Ries becomes the 12th condemned inmate to be put to death this year in
Texas and the 417th overall since the state resumed capital punishment on
December 7, 1982. Ries becomes the 178th condemned inmate to be put to
death in Texas since Rick Perry became governor in 2001.
On Thursday, another condemned inmate, Bobby Wayne Woods, 42, was
scheduled to die for the 1997 murder of Sarah Patterson, the 11-year-old
daughter of his ex-girlfriend. Her throat was slashed when she and her
9-year-old brother were abducted from their home in Granbury, about 25
miles southwest of Fort Worth.
Ries becomes the 28th condemned inmate to be put to death this year in the
USA and the 1127th overall since the nation resumed executions on January
17, 1977.
(sources: Associated Press)
TENNESSEE----federal death sentence
Man sentenced to die after 2 days' deliberation
A federal jury sentenced a Georgia man to die today for the abduction and
slaying of an Atlanta restaurant owner in Tennessee, prompting his
attorney to call Justice Department officials "Nazis" for seeking the
death penalty.
The 7 women and 5 men on the jury were in their 2nd day of deliberations
when they voted unanimously to sentence Rejon Taylor, 24, to death.

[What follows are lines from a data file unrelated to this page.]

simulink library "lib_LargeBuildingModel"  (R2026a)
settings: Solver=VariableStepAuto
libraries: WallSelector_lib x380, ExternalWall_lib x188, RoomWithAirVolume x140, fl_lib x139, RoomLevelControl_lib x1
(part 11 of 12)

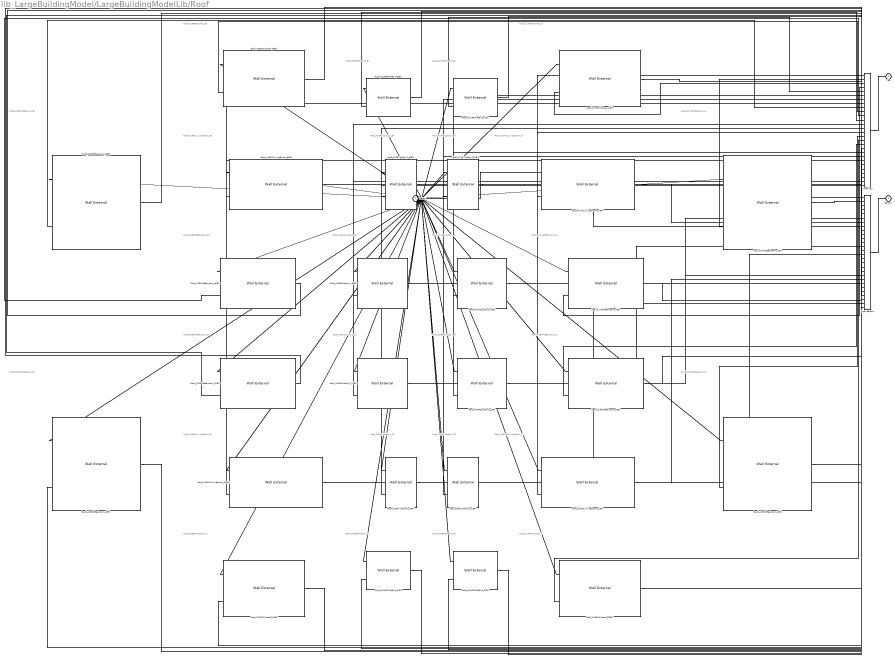
== system lib_LargeBuildingModel/LargeBuildingModelLib/Roof ==
  note: Roof_A17R1(LivingRoom_A)
  note: Roof_A17R2(Bedroom_A)
  note: Roof_A17R3(Kitchen_A)
  note: Roof_A17R4(Bathroom_A)
  note: Roof_A17R5(FireExit_A)
  note: Roof_A17R6(Lobby1_A)
  note: Roof_A17R7(Lobby2_A)
  note: Roof_A18R1(LivingRoom_B)
  note: Roof_A18R2(Bedroom_B)
  note: Roof_A18R3(Kitchen_B)
  note: Roof_A18R4(Bathroom_B)
  note: Roof_A18R5(FireExit_B)
  note: Roof_A18R6(Lobby1_B)
  note: Roof_A18R7(Lobby2_B)
  note: Roof_A19R1(LivingRoom_C)
  note: Roof_A19R2(Bedroom_C)
  note: Roof_A19R3(Kitchen_C)
  note: Roof_A19R4(Bathroom_C)
  note: Roof_A19R5(FireExit_C)
  note: Roof_A19R6(Lobby1_C)
  note: Roof_A19R7(Lobby2_C)
  note: Roof_A20R1(LivingRoom_D)
  note: Roof_A20R2(Bedroom_D)
  note: Roof_A20R3(Kitchen_D)
  note: Roof_A20R4(Bathroom_D)
  note: Roof_A20R5(FireExit_D)
  note: Roof_A20R6(Lobby1_D)
  note: Roof_A20R7(Lobby2_D)
  ArrayBottom : SimscapeArrayConnection  Domain=foundation.thermal.thermal  ConcatenateDimension=1  NumScalarElements=28
  ArrayTop : SimscapeArrayConnection  Domain=foundation.thermal.thermal  ConcatenateDimension=1  NumScalarElements=28
  Roof_A17R1(LivingRoom_A)Blk : ExternalWall_lib/Wall External  extWallModel=wallExternalModelOption.wallSolar  wallLength=2.4384 % Parameterized on : 13-Jun-2026 10:47:16 m  wallHeight=4.572 % Parameterized on : 13-Jun-2026 10:47:16 m  wallThickness=0.03 % Parameterized on : 13-Jun-2026 10:47:16 m  wallMaterialDen=1400 % Parameterized on : 13-Jun-2026 10:47:30 kg/m^3  wallMaterialCp=1000 % Parameterized on : 13-Jun-2026 10:47:30 J/(K*kg)  wallAbsorptivity=0.5  wallThermalK=0.7 % Parameterized on : 13-Jun-2026 10:47:30 W/(K*m)  winLength=1 m  winHeight=0.5 m  winThickness=0.007 m  winMaterialDen=2500 kg/m^3  winMaterialCp=787 J/(K*kg)  winAbsorptivity=0.35  winThermalK=1 W/(K*m)  winTransmissivity=0.45  ventLength=0.1 m  ventHeight=0.1 m  extToWallHTC=30 % Parameterized on : 13-Jun-2026 10:47:30 W/(K*m^2)  intToRoomHTC=30 % Parameterized on : 13-Jun-2026 10:47:30 W/(K*m^2)  iniT=300 % Parameterized on : 13-Jun-2026 10:47:30 K  latitude=5  longitude=5  localTime=5  dayLightS=0  surfAngle=90 deg  surfUnitV=[0, -1]  startYear=2025  startMonth=1  startDay=1  startHr=1  numHrsData=24  interp_method=simscape.enum.interpolation.linear  extrap_method=simscape.enum.extrapolation.nearest
  Roof_A17R2(Bedroom_A)Blk : ExternalWall_lib/Wall External  extWallModel=wallExternalModelOption.wallSolar  wallLength=4.2672 % Parameterized on : 13-Jun-2026 10:47:16 m  wallHeight=4.572 % Parameterized on : 13-Jun-2026 10:47:16 m  wallThickness=0.03 % Parameterized on : 13-Jun-2026 10:47:16 m  wallMaterialDen=1400 % Parameterized on : 13-Jun-2026 10:47:30 kg/m^3  wallMaterialCp=1000 % Parameterized on : 13-Jun-2026 10:47:30 J/(K*kg)  wallAbsorptivity=0.5  wallThermalK=0.7 % Parameterized on : 13-Jun-2026 10:47:30 W/(K*m)  winLength=1 m  winHeight=0.5 m  winThickness=0.007 m  winMaterialDen=2500 kg/m^3  winMaterialCp=787 J/(K*kg)  winAbsorptivity=0.35  winThermalK=1 W/(K*m)  winTransmissivity=0.45  ventLength=0.1 m  ventHeight=0.1 m  extToWallHTC=30 % Parameterized on : 13-Jun-2026 10:47:30 W/(K*m^2)  intToRoomHTC=30 % Parameterized on : 13-Jun-2026 10:47:30 W/(K*m^2)  iniT=300 % Parameterized on : 13-Jun-2026 10:47:30 K  latitude=5  longitude=5  localTime=5  dayLightS=0  surfAngle=90 deg  surfUnitV=[0, -1]  startYear=2025  startMonth=1  startDay=1  startHr=1  numHrsData=24  interp_method=simscape.enum.interpolation.linear  extrap_method=simscape.enum.extrapolation.nearest
  Roof_A17R3(Kitchen_A)Blk : ExternalWall_lib/Wall External  extWallModel=wallExternalModelOption.wallSolar  wallLength=2.7432 % Parameterized on : 13-Jun-2026 10:47:16 m  wallHeight=3.9624 % Parameterized on : 13-Jun-2026 10:47:16 m  wallThickness=0.03 % Parameterized on : 13-Jun-2026 10:47:16 m  wallMaterialDen=1400 % Parameterized on : 13-Jun-2026 10:47:30 kg/m^3  wallMaterialCp=1000 % Parameterized on : 13-Jun-2026 10:47:30 J/(K*kg)  wallAbsorptivity=0.5  wallThermalK=0.7 % Parameterized on : 13-Jun-2026 10:47:30 W/(K*m)  winLength=1 m  winHeight=0.5 m  winThickness=0.007 m  winMaterialDen=2500 kg/m^3  winMaterialCp=787 J/(K*kg)  winAbsorptivity=0.35  winThermalK=1 W/(K*m)  winTransmissivity=0.45  ventLength=0.1 m  ventHeight=0.1 m  extToWallHTC=30 % Parameterized on : 13-Jun-2026 10:47:30 W/(K*m^2)  intToRoomHTC=30 % Parameterized on : 13-Jun-2026 10:47:30 W/(K*m^2)  iniT=300 % Parameterized on : 13-Jun-2026 10:47:30 K  latitude=5  longitude=5  localTime=5  dayLightS=0  surfAngle=90 deg  surfUnitV=[0, -1]  startYear=2025  startMonth=1  startDay=1  startHr=1  numHrsData=24  interp_method=simscape.enum.interpolation.linear  extrap_method=simscape.enum.extrapolation.nearest
  Roof_A17R4(Bathroom_A)Blk : ExternalWall_lib/Wall External  extWallModel=wallExternalModelOption.wallSolar  wallLength=2.4384 % Parameterized on : 13-Jun-2026 10:47:16 m  wallHeight=3.6576 % Parameterized on : 13-Jun-2026 10:47:16 m  wallThickness=0.03 % Parameterized on : 13-Jun-2026 10:47:16 m  wallMaterialDen=1400 % Parameterized on : 13-Jun-2026 10:47:30 kg/m^3  wallMaterialCp=1000 % Parameterized on : 13-Jun-2026 10:47:30 J/(K*kg)  wallAbsorptivity=0.5  wallThermalK=0.7 % Parameterized on : 13-Jun-2026 10:47:30 W/(K*m)  winLength=1 m  winHeight=0.5 m  winThickness=0.007 m  winMaterialDen=2500 kg/m^3  winMaterialCp=787 J/(K*kg)  winAbsorptivity=0.35  winThermalK=1 W/(K*m)  winTransmissivity=0.45  ventLength=0.1 m  ventHeight=0.1 m  extToWallHTC=30 % Parameterized on : 13-Jun-2026 10:47:30 W/(K*m^2)  intToRoomHTC=30 % Parameterized on : 13-Jun-2026 10:47:30 W/(K*m^2)  iniT=300 % Parameterized on : 13-Jun-2026 10:47:30 K  latitude=5  longitude=5  localTime=5  dayLightS=0  surfAngle=90 deg  surfUnitV=[0, -1]  startYear=2025  startMonth=1  startDay=1  startHr=1  numHrsData=24  interp_method=simscape.enum.interpolation.linear  extrap_method=simscape.enum.extrapolation.nearest
  Roof_A17R5(FireExit_A)Blk : ExternalWall_lib/Wall External  extWallModel=wallExternalModelOption.wallSolar  wallLength=1.8288 % Parameterized on : 13-Jun-2026 10:47:16 m  wallHeight=2.1336 % Parameterized on : 13-Jun-2026 10:47:16 m  wallThickness=0.03 % Parameterized on : 13-Jun-2026 10:47:16 m  wallMaterialDen=1400 % Parameterized on : 13-Jun-2026 10:47:30 kg/m^3  wallMaterialCp=1000 % Parameterized on : 13-Jun-2026 10:47:30 J/(K*kg)  wallAbsorptivity=0.5  wallThermalK=0.7 % Parameterized on : 13-Jun-2026 10:47:30 W/(K*m)  winLength=1 m  winHeight=0.5 m  winThickness=0.007 m  winMaterialDen=2500 kg/m^3  winMaterialCp=787 J/(K*kg)  winAbsorptivity=0.35  winThermalK=1 W/(K*m)  winTransmissivity=0.45  ventLength=0.1 m  ventHeight=0.1 m  extToWallHTC=30 % Parameterized on : 13-Jun-2026 10:47:30 W/(K*m^2)  intToRoomHTC=30 % Parameterized on : 13-Jun-2026 10:47:30 W/(K*m^2)  iniT=300 % Parameterized on : 13-Jun-2026 10:47:30 K  latitude=5  longitude=5  localTime=5  dayLightS=0  surfAngle=90 deg  surfUnitV=[0, -1]  startYear=2025  startMonth=1  startDay=1  startHr=1  numHrsData=24  interp_method=simscape.enum.interpolation.linear  extrap_method=simscape.enum.extrapolation.nearest
  Roof_A17R6(Lobby1_A)Blk : ExternalWall_lib/Wall External  extWallModel=wallExternalModelOption.wallSolar  wallLength=2.4384 % Parameterized on : 13-Jun-2026 10:47:16 m  wallHeight=2.4384 % Parameterized on : 13-Jun-2026 10:47:16 m  wallThickness=0.03 % Parameterized on : 13-Jun-2026 10:47:16 m  wallMaterialDen=1400 % Parameterized on : 13-Jun-2026 10:47:30 kg/m^3  wallMaterialCp=1000 % Parameterized on : 13-Jun-2026 10:47:30 J/(K*kg)  wallAbsorptivity=0.5  wallThermalK=0.7 % Parameterized on : 13-Jun-2026 10:47:30 W/(K*m)  winLength=1 m  winHeight=0.5 m  winThickness=0.007 m  winMaterialDen=2500 kg/m^3  winMaterialCp=787 J/(K*kg)  winAbsorptivity=0.35  winThermalK=1 W/(K*m)  winTransmissivity=0.45  ventLength=0.1 m  ventHeight=0.1 m  extToWallHTC=30 % Parameterized on : 13-Jun-2026 10:47:30 W/(K*m^2)  intToRoomHTC=30 % Parameterized on : 13-Jun-2026 10:47:30 W/(K*m^2)  iniT=300 % Parameterized on : 13-Jun-2026 10:47:30 K  latitude=5  longitude=5  localTime=5  dayLightS=0  surfAngle=90 deg  surfUnitV=[0, -1]  startYear=2025  startMonth=1  startDay=1  startHr=1  numHrsData=24  interp_method=simscape.enum.interpolation.linear  extrap_method=simscape.enum.extrapolation.nearest
  Roof_A17R7(Lobby2_A)Blk : ExternalWall_lib/Wall External  extWallModel=wallExternalModelOption.wallSolar  wallLength=2.4384 % Parameterized on : 13-Jun-2026 10:47:16 m  wallHeight=1.524 % Parameterized on : 13-Jun-2026 10:47:16 m  wallThickness=0.03 % Parameterized on : 13-Jun-2026 10:47:16 m  wallMaterialDen=1400 % Parameterized on : 13-Jun-2026 10:47:30 kg/m^3  wallMaterialCp=1000 % Parameterized on : 13-Jun-2026 10:47:30 J/(K*kg)  wallAbsorptivity=0.5  wallThermalK=0.7 % Parameterized on : 13-Jun-2026 10:47:30 W/(K*m)  winLength=1 m  winHeight=0.5 m  winThickness=0.007 m  winMaterialDen=2500 kg/m^3  winMaterialCp=787 J/(K*kg)  winAbsorptivity=0.35  winThermalK=1 W/(K*m)  winTransmissivity=0.45  ventLength=0.1 m  ventHeight=0.1 m  extToWallHTC=30 % Parameterized on : 13-Jun-2026 10:47:30 W/(K*m^2)  intToRoomHTC=30 % Parameterized on : 13-Jun-2026 10:47:30 W/(K*m^2)  iniT=300 % Parameterized on : 13-Jun-2026 10:47:30 K  latitude=5  longitude=5  localTime=5  dayLightS=0  surfAngle=90 deg  surfUnitV=[0, -1]  startYear=2025  startMonth=1  startDay=1  startHr=1  numHrsData=24  interp_method=simscape.enum.interpolation.linear  extrap_method=simscape.enum.extrapolation.nearest
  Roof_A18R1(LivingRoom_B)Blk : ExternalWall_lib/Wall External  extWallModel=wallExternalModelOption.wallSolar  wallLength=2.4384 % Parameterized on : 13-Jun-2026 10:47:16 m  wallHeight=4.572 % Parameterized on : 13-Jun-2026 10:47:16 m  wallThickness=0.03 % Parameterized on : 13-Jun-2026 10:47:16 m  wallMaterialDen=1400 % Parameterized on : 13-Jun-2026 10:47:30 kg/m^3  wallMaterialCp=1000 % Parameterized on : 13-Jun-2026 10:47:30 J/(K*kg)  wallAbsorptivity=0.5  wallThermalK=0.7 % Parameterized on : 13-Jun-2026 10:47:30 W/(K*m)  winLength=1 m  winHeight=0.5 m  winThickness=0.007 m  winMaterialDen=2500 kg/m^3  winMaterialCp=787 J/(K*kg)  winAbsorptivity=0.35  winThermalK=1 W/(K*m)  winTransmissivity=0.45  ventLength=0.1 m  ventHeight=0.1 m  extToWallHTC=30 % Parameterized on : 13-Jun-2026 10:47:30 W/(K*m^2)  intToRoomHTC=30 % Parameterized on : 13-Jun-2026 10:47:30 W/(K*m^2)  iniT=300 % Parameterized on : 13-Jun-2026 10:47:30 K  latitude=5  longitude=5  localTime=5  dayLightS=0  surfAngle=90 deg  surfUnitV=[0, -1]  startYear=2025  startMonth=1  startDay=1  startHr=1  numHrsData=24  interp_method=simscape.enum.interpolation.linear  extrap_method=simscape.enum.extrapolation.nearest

The
jury is the 1st in the state to return a federal death sentence. There are
more than 50 inmates on federal death row.
Taylor showed no emotion as the sentence was read.
U.S. District Judge Curtis L. Collier said he would set a hearing later to
formally impose the sentence.
The predominantly white jury took less than 4 hours last month to convict
Taylor, who is black, of abducting restaurant owner Guy Luck from his
Atlanta driveway in 2003 and shooting him on a rural road near
Chattanooga.
Before the sentencing, defense attorney Bill Ortwein asked for a mistrial
after a majority of jurors told the judge they were aware of media reports
in which a prosecutor said Taylor described them as "racist rednecks." The
request was denied.
Ortwein said his client will appeal.
"There is only one conclusion I can come to as to why the Nazis in the
Bush Department of Justice decided to seek the death penalty in this
particular case," he said. "Statistically and overwhelmingly where the
victim is white and the defendant is an African-American, they certainly
ask for and seek the death penalty."
Ortwein said there are "more horrendous murder cases" in Hamilton County,
where the trial was held.
"Race had nothing to do with this," said Assistant U.S. Attorney Chris
Poole. Fellow Assistant U.S. Attorney Steve Neff said lethal injections
are done humanely.
"Obviously, what the defendant did was drag this man out of his house at
gunpoint, put him in the back of a van, drive him for 2 hours and shoot
him four times, including through the mouth," Neff said. "To the extent
that there are different degrees of death, that seems to me much more
horrible."
2 co-defendants pleaded guilty to avoid the death penalty and testified
against Taylor.
Court records show the 3 abducted Luck from his driveway in an upscale
Atlanta neighborhood where Taylor had committed a series of burglaries and
identity thefts.
Prosecutors contend Taylor knew Luck was a witness in one of those cases
and wanted to get rid of him.
Taylor drove Luck's van while 1 co-defendant held him at gunpoint and
another followed in a car as they drove to Tennessee. When Luck tried to
overpower his abductors, one co-defendant shot him in the arm and Taylor
fired several shots, one of which hit Luck in the mouth.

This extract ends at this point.